Quote Of The Day

“In higher education, no well-known university or college has gone out of business in my memory. Over this same period, countless corporate giants have bitten the dust. To me, this says that the incumbent protection racket in higher education works really well. There is hardly any entry, and hardly any exit. No surprise, then, that dousing this sector with subsidies leads primarily to inflation”. —Arnold Kling, Ph.D. in economics from the Massachusetts Institute of Technology

7 Responses to “Quote Of The Day”

  1. cindylu says:

    Poor Arnold Kling. If only he had looked into any standard article on the history of American higher education, he would see that there are dozens of colleges and universities struggling to survive. If he digged into it, he’d find that there have been institutions that have closed in recent years. They tend to close for different reasons, such as losing accreditation or finanical difficulty. Most of the time, these are institutions we don’t hear about, but it does happen. Just check the Chronicle of Higher Education.

    In addition, there is a lot of entry into higher education. Since the 1960s when there was a boom in the college-going age, hundreds of institutions have opened up doors.

    Quit tempting me, yo.

  2. I think you missed his point, he writes, “no well-known university or college has gone out of business in my memory”. What well known university or college has gone out of business in recent memory?

    He than compares this to corporate America and sees several well-known and long established companies that have gone out of business.

    Why is there so much movement in corporate America and not in the educational industry? The clear difference between the two is that the educational industry is swamped with government subsidies, thereby inflating their costs and artificially giving them a competitive edge over other would be entrants, AND giving them the ability to escape their errors. Corporate America has no such ‘benefit’, and therefore, will have much more movement.

  3. cindylu says:

    Well-known is relative. D-Q University is well-known to my friends and I, but you have probably never heard of it.

    Also, you say there is no movement in American higher education, and I would aruge otherwise. Since Arnold Kling is at MIT, I wonder if he has any research grants, or what you might call subsidies. I wonder if some of the research he’s doing is federally funded. Just a thought.

  4. Well-known is relative, but it still has some overall meaning. Can you give me any tier 1 schools that have went under? Even if you can, the number of those is still considerably less than the number of companies that went under in corporate America.

    As far as federally funded research, we are talking about two different things here (apples vs mangos). I doubt that he would have a problem with federally funded research, he is addressing subsidies in general.

  5. cindylu says:

    I like mangos and apples. What’s your point?
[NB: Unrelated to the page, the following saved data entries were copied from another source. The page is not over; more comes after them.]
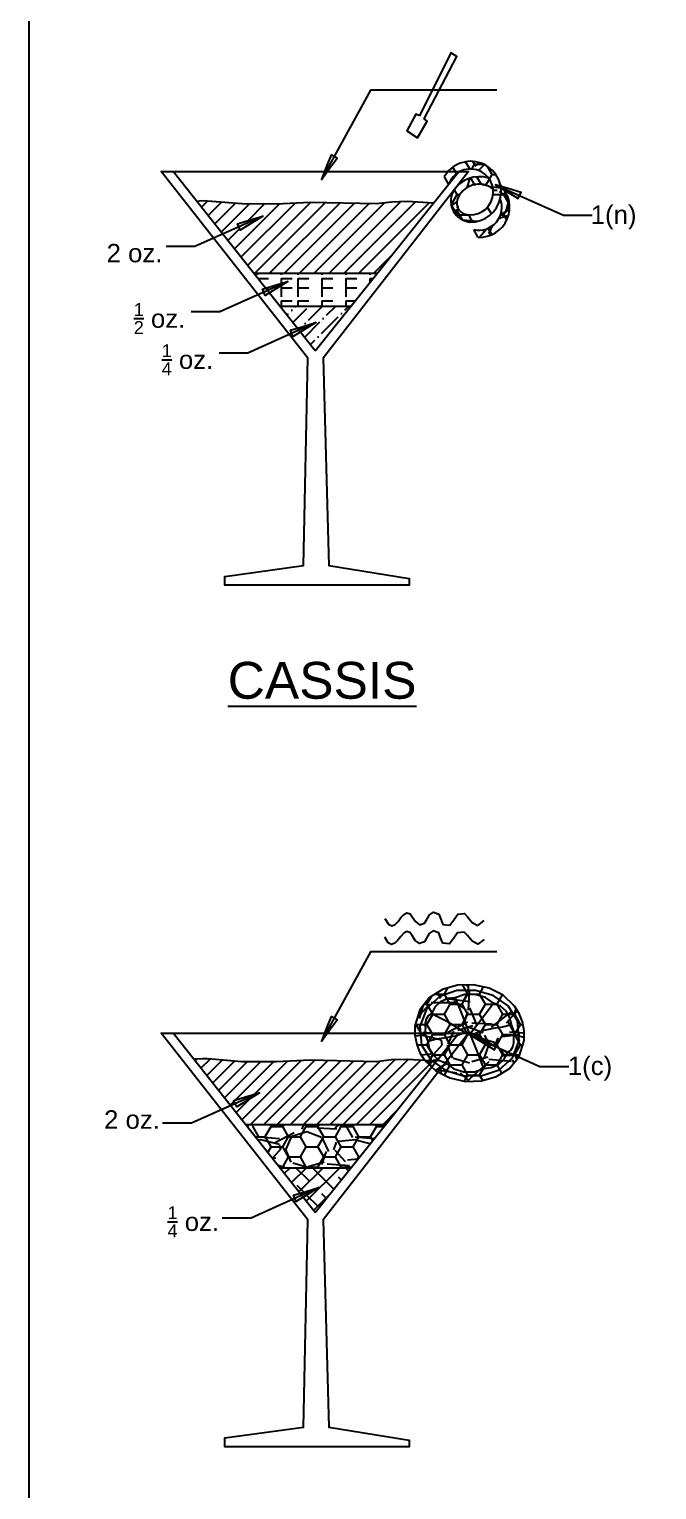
# Model space of a CAD drawing. Header units: metres. Extents: x -2.9 to 16.5, y 0 to 11.5.
# Drawn here: x 0.01 to 1.713, y 5.174 to 9.137 of the extents above; entities that cross this region are included whole.
import ezdxf

# ---------------------------------------------------------------- set-up
doc = ezdxf.new("R2010")
doc.units = ezdxf.units.M
for name, color, linetype in [('benedictine', 34, 'Continuous'), ('bourbon - whiskey', 35, 'Continuous'), ('creme de cassis', 1, 'Continuous'), ('french (dry) vermouth', 160, 'Continuous'), ('lemon juice', 51, 'Continuous')]:
    doc.layers.add(name, color=color, linetype=linetype)
doc.styles.get("Standard").update_dxf_attribs({"font": 'arial.ttf'})
pattern_1 = [(228.0128, (-3.074935, -2.084), (-2.032001727, -2.28600281), [0.034172, -3.38305]), (184.9697, (-3.097795, -2.1094), (3.048004931, 0.253998208), [0.0586405, -5.8054]), (132.5104, (-3.156215, -2.11448), (2.539998152, -2.79400273), [0.041348, -4.09347]), (267.2737, (-3.255275, -2.17798), (0.253998897, 5.079998365), [0.0534005, -5.28664]), (292.8337, (-3.257815, -2.23132), (-1.270003606, 3.048001733), [0.0523634, -5.18398]), (357.2737, (-3.237495, -2.27958), (-5.079998365, 0.253998897), [0.0534005, -5.28664]), (37.6942, (-3.184155, -2.28212), (-3.302002086, -2.539997736), [0.0706194, -6.99131]), (72.2553, (-3.128275, -2.23894), (1.7780035565, 5.5880016206), [0.066672, -6.60053]), (121.4296, (-3.107955, -2.17544), (-2.032000524, 3.301996116), [0.0535813, -5.30455]), (175.2364, (-3.135895, -2.12972), (2.793997805, -0.253997616), [0.0611713, -2.99739]), (222.3974, (-3.1968546, -2.12464), (-3.048000092, -2.793996365), [0.0791078, -7.83168]), (138.8141, (-3.003815, -2.18052), (-1.777998867, 1.523997656), [0.0270005, -2.67306]), (171.4692, (-3.024135, -2.16274), (3.30199496, -0.50800128), [0.0513682, -5.08546]), (225, (-3.07493, -2.15512), (-1e-16, -0.2539998), [0.035921, -0.323289]), (203.1986, (-3.092715, -2.12464), (1.27000428, 0.50800223), [0.019344, -1.91506]), (291.8014, (-3.110495, -2.13226), (-0.25400018, 0.7620005), [0.0273566, -1.34048]), (30.9638, (-3.100335, -2.15766), (0.7619992, 0.5080004), [0.044432, -1.43663]), (161.5651, (-3.062235, -2.1348), (0.50800023, -0.2539996), [0.0321287, -0.77109]), (16.3895, (-3.257815, -2.13226), (2.540001401, 0.761998415), [0.0450088, -4.45588]), (70.3462, (-3.214635, -2.11956), (-1.01599717, -2.79399605), [0.03776, -3.73822]), (293.1986, (-3.062235, -2.084), (-0.50800223, 1.27000428), [0.038688, -1.89572]), (343.6105, (-3.046995, -2.11956), (-2.540001401, 0.761998415), [0.0450088, -4.45588]), (339.444, (-3.257815, -2.28974), (-1.27000158, 0.50799938), [0.0434035, -2.12677]), (294.7751, (-3.217175, -2.30498), (-1.26999704, 2.793998703), [0.036367, -3.60036]), (66.8014, (-3.059695, -2.338), (0.50800223, 1.27000428), [0.038688, -1.89572]), (17.354, (-3.044455, -2.30244), (-3.302000178, -1.015998468), [0.0425783, -4.21524]), (69.444, (-3.184155, -2.338), (-0.50799938, -1.27000158), [0.021702, -2.14848]), (101.3099, (-3.074935, -2.338), (-0.25399875, 1.01599675), [0.0129515, -1.2822]), (165.9638, (-3.077475, -2.3253), (0.76200054, -0.25399956), [0.0523634, -0.994905]), (186.009, (-3.128275, -2.3126), (2.539996254, 0.253999407), [0.0485267, -4.80414]), (303.6901, (-3.100335, -2.18052), (-0.2540001, 0.5079995), [0.0366324, -0.879178]), (353.1572, (-3.080015, -2.211), (4.318001786, -0.508002275), [0.0639557, -6.3316]), (60.9454, (-3.016515, -2.21862), (-1.015997637, -1.77799576), [0.026151, -2.58894]), (90, (-3.00381, -2.19576), (-0.254, 0.254), [0.01524, -0.23876]), (120.2564, (-3.133355, -2.30498), (1.015997847, -1.777999103), [0.0352867, -3.49339]), (48.0128, (-3.151135, -2.2745), (2.032001727, 2.28600281), [0.0683443, -3.34888]), (0, (-3.10541, -2.2237), (0.254, 0.254), [0.06604, -0.18796]), (325.3048, (-3.039375, -2.2237), (-2.5399956, 1.77800017), [0.040161, -3.97593]), (254.0546, (-3.006355, -2.24656), (-0.25400065, -1.01600242), [0.036983, -1.81217]), (207.646, (-3.016515, -2.28212), (-4.825998305, -2.540001597), [0.0602145, -5.96125]), (175.4261, (-3.069855, -2.31006), (-3.3020007605, 0.253998771), [0.063703, -6.30658]), (175.4261, (-3.069855, -2.31006), (-3.3020007605, 0.253998771), [0.063703, -6.30658])]

# ---------------------------------------------------------------- blocks, each defined once
blk = doc.blocks.new('A$C7EF233EF')
for points in [[(0.26617, 0.17318), (0.25609, 0.17746), (0.23156, 0.13265), (0.26064, 0.11371), (0.28679, 0.15847), (0.27865, 0.16498), (0.368, 0.33414), (0.35152, 0.34446), (0.26617, 0.17318)], [(0.02632, 0.06722), (0.01313, 0.03364), (0, 0), (0.02132, 0.02912), (0.0426, 0.05826), (0.03446, 0.06276), (0.02632, 0.06722)], [(0.02632, 0.06722), (0.01313, 0.03364), (0, 0), (0.02132, 0.02912), (0.0426, 0.05826), (0.03446, 0.06276), (0.02632, 0.06722)]]:
    blk.add_lwpolyline(points, close=True)
blk.add_lwpolyline([(0.47635, 0.24257), (0.13309, 0.24257), (0, 0)])
blk = doc.blocks.new('A$C289B61D0')
for points in [[(0.18923, 0.79742), (0.199, 0.78245), (0.20806, 0.77823), (0.21658, 0.78174), (0.22477, 0.78999), (0.23274, 0.80003), (0.24072, 0.80877), (0.24886, 0.81332), (0.25737, 0.81061), (0.26345, 0.80209), (0.27202, 0.78918), (0.28315, 0.78077), (0.29693, 0.78549), (0.30251, 0.79499), (0.31, 0.80774), (0.32069, 0.81538), (0.33577, 0.80963), (0.34093, 0.79607), (0.34662, 0.78159), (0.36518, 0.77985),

    Seriously, maybe when I have more time and am not worried about finals, we can have a real discussion about these subsidies for higher education that you speak of. I know it would have been a lot more difficult for me to get through my undergrad years without federal and state grants, workstudy and even some loans to cover the costs. I’m definitly against rising costs for higher education, but as I read more and more about the field and higher education finance I get a better understanding about why tuition fees go up.

  6. I know what you mean about the need for those loans, but you are under the impression that if the government doesn’t do it, somehow they will suddenly disappear. This is not the case. The governement doesn’t subisides car loans, yet car loans are abundent. I have blogged on here before about how to get the government out of the subsidy business while keeping the level of loans relatively the same. When you have time, you should check that out.

    So to summarize, the loans are not the problem, it is the government doing it below market demand for such loans, that is the problem.